(Data items)
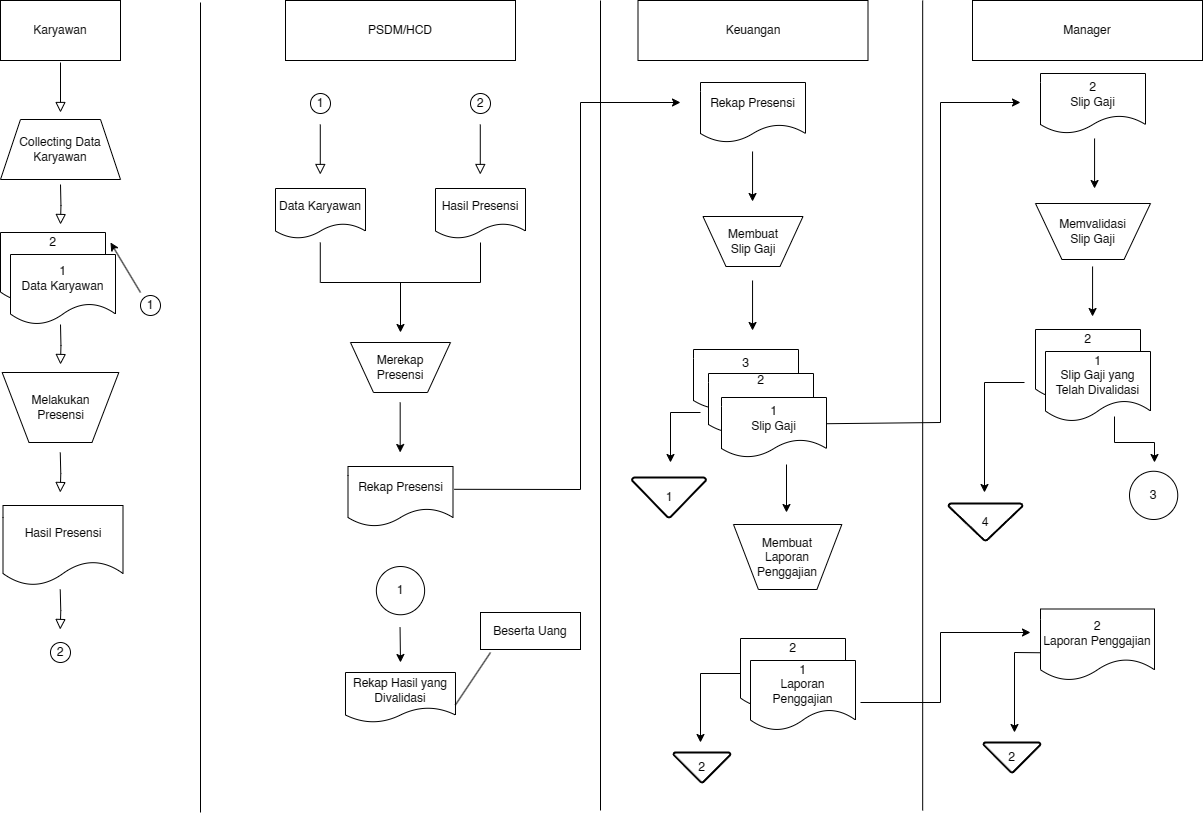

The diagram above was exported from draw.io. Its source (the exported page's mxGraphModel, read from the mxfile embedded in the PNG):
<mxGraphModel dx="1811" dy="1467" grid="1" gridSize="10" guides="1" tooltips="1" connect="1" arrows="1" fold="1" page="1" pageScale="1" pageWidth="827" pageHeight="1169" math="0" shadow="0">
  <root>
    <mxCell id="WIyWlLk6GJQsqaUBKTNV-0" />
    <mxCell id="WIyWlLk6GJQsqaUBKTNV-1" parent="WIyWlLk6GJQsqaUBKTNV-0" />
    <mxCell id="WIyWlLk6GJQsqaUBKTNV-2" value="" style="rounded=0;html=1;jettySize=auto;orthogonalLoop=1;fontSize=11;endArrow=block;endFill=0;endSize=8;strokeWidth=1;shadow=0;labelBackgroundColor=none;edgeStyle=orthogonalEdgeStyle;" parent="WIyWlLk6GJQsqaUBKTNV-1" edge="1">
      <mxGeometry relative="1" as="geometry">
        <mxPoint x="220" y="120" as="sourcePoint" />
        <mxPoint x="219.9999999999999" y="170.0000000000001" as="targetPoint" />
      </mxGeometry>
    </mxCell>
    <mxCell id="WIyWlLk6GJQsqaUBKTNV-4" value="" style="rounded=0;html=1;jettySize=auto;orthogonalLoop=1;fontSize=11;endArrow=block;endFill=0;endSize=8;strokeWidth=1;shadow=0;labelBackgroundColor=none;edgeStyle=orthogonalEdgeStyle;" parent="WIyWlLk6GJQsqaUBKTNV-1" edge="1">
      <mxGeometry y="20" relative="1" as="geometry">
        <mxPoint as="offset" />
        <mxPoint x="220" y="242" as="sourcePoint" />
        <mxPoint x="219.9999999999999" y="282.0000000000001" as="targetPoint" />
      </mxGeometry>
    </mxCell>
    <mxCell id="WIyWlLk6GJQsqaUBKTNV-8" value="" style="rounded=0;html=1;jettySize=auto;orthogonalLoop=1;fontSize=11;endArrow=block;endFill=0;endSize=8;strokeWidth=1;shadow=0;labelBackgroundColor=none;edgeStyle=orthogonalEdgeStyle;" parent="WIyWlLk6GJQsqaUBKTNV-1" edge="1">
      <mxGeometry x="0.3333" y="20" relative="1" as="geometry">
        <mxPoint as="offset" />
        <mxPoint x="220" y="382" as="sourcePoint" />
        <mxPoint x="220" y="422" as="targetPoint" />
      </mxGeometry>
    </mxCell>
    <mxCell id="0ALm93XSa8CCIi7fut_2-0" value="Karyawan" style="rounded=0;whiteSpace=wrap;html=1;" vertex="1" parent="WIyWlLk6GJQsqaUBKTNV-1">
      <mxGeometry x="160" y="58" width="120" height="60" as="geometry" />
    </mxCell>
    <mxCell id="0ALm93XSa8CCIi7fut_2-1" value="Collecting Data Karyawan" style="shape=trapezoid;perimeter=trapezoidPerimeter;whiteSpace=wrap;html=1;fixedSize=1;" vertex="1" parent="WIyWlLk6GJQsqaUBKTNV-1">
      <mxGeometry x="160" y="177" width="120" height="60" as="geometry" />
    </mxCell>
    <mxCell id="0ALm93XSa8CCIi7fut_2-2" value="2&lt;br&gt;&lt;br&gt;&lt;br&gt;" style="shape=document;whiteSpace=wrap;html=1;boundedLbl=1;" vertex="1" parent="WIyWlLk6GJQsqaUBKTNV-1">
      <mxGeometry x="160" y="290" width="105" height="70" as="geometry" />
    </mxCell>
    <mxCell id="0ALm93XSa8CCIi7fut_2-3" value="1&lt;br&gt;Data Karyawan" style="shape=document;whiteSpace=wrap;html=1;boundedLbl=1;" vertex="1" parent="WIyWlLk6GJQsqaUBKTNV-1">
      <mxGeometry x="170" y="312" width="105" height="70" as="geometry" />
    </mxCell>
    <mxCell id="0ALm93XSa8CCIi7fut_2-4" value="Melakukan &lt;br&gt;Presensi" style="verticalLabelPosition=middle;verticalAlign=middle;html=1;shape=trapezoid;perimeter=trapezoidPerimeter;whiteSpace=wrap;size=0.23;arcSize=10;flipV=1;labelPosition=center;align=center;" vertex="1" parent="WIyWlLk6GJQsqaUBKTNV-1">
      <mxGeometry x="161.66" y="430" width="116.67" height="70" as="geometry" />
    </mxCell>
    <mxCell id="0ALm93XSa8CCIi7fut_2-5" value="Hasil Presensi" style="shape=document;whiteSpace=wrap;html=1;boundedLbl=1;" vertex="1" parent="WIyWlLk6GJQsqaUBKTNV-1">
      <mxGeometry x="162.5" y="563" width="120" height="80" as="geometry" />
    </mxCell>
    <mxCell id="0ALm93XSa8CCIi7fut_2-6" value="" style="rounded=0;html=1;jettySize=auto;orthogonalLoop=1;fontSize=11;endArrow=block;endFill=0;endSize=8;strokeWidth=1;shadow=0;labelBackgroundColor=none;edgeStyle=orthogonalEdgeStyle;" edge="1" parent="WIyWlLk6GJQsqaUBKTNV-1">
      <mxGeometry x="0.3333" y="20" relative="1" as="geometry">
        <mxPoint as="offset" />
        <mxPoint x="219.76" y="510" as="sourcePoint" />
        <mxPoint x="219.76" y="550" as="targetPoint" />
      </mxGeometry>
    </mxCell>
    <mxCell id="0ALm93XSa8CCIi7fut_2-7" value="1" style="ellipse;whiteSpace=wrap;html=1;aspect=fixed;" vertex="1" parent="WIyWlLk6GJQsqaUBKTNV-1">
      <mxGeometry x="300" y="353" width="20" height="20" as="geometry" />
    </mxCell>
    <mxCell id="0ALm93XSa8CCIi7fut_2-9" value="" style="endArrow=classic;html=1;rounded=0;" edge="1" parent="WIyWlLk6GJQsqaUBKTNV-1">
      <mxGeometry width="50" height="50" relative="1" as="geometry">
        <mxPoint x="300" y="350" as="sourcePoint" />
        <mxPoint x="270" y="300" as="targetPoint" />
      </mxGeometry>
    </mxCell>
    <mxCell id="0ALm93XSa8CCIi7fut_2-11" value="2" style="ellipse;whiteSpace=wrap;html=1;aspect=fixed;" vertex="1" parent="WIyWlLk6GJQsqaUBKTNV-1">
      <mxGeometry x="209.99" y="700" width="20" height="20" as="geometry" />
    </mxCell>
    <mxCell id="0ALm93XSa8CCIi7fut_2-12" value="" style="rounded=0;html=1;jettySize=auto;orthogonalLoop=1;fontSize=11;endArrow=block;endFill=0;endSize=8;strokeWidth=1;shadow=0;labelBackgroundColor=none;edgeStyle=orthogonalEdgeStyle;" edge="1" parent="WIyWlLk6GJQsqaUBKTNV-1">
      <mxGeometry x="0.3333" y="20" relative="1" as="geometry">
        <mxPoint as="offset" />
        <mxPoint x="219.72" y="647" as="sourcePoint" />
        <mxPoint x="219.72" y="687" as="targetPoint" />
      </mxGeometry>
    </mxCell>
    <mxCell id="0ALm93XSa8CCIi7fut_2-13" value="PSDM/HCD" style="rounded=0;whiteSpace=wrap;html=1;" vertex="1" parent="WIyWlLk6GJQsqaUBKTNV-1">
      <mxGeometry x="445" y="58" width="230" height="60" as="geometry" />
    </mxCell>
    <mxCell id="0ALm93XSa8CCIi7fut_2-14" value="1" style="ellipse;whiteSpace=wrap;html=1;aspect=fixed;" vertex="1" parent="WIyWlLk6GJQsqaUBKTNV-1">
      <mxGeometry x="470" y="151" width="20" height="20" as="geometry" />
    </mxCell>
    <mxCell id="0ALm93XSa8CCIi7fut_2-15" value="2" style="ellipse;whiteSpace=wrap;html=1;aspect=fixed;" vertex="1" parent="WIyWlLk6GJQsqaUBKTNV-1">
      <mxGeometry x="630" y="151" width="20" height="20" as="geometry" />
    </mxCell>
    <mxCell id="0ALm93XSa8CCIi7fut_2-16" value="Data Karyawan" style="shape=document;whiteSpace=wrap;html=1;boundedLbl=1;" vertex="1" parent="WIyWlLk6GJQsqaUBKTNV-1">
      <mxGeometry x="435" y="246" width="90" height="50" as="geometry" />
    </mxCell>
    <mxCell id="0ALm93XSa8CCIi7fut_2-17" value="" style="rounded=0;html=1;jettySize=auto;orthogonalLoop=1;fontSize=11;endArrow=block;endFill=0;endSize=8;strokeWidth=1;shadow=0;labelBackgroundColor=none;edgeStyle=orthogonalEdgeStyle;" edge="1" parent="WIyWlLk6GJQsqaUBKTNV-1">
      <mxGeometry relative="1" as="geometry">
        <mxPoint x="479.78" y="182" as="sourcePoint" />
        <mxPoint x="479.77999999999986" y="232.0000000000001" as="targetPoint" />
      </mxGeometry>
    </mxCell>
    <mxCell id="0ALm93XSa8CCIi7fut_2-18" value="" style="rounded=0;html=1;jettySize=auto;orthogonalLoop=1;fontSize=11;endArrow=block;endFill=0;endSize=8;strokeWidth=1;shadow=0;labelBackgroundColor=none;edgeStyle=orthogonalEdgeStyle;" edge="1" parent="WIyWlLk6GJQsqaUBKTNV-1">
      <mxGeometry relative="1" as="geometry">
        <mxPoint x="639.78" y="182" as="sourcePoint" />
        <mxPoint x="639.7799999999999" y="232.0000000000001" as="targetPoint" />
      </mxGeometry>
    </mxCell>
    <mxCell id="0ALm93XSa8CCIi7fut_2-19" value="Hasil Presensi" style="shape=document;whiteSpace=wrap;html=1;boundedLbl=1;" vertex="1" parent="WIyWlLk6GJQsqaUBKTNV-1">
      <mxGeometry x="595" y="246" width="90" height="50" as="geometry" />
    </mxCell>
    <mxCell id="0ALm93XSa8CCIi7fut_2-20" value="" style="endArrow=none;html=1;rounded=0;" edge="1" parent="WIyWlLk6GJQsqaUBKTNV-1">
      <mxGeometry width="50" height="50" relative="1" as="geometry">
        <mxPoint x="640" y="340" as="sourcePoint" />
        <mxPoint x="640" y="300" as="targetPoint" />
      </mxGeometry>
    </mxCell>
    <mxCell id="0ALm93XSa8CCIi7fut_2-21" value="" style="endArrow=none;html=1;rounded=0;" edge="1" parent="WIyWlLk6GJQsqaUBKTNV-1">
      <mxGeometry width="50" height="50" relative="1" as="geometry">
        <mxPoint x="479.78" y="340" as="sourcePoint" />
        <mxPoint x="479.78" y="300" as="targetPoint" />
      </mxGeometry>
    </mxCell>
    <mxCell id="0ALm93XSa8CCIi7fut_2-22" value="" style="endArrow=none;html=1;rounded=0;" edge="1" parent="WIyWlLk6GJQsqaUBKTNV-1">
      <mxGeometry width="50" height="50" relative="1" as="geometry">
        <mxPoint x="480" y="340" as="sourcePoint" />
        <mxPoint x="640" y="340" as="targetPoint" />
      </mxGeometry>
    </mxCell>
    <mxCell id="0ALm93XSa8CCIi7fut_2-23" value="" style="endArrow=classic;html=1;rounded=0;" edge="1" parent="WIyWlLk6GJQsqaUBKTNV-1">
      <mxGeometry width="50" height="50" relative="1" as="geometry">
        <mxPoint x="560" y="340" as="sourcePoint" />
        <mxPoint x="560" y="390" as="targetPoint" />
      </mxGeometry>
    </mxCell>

Problem: Go through the records and report each line that contains "sourcePoint".

Exercise output:
        <mxPoint x="220" y="120" as="sourcePoint" />
        <mxPoint x="220" y="242" as="sourcePoint" />
        <mxPoint x="220" y="382" as="sourcePoint" />
        <mxPoint x="219.76" y="510" as="sourcePoint" />
        <mxPoint x="300" y="350" as="sourcePoint" />
        <mxPoint x="219.72" y="647" as="sourcePoint" />
        <mxPoint x="479.78" y="182" as="sourcePoint" />
        <mxPoint x="639.78" y="182" as="sourcePoint" />
        <mxPoint x="640" y="340" as="sourcePoint" />
        <mxPoint x="479.78" y="340" as="sourcePoint" />
        <mxPoint x="480" y="340" as="sourcePoint" />
        <mxPoint x="560" y="340" as="sourcePoint" />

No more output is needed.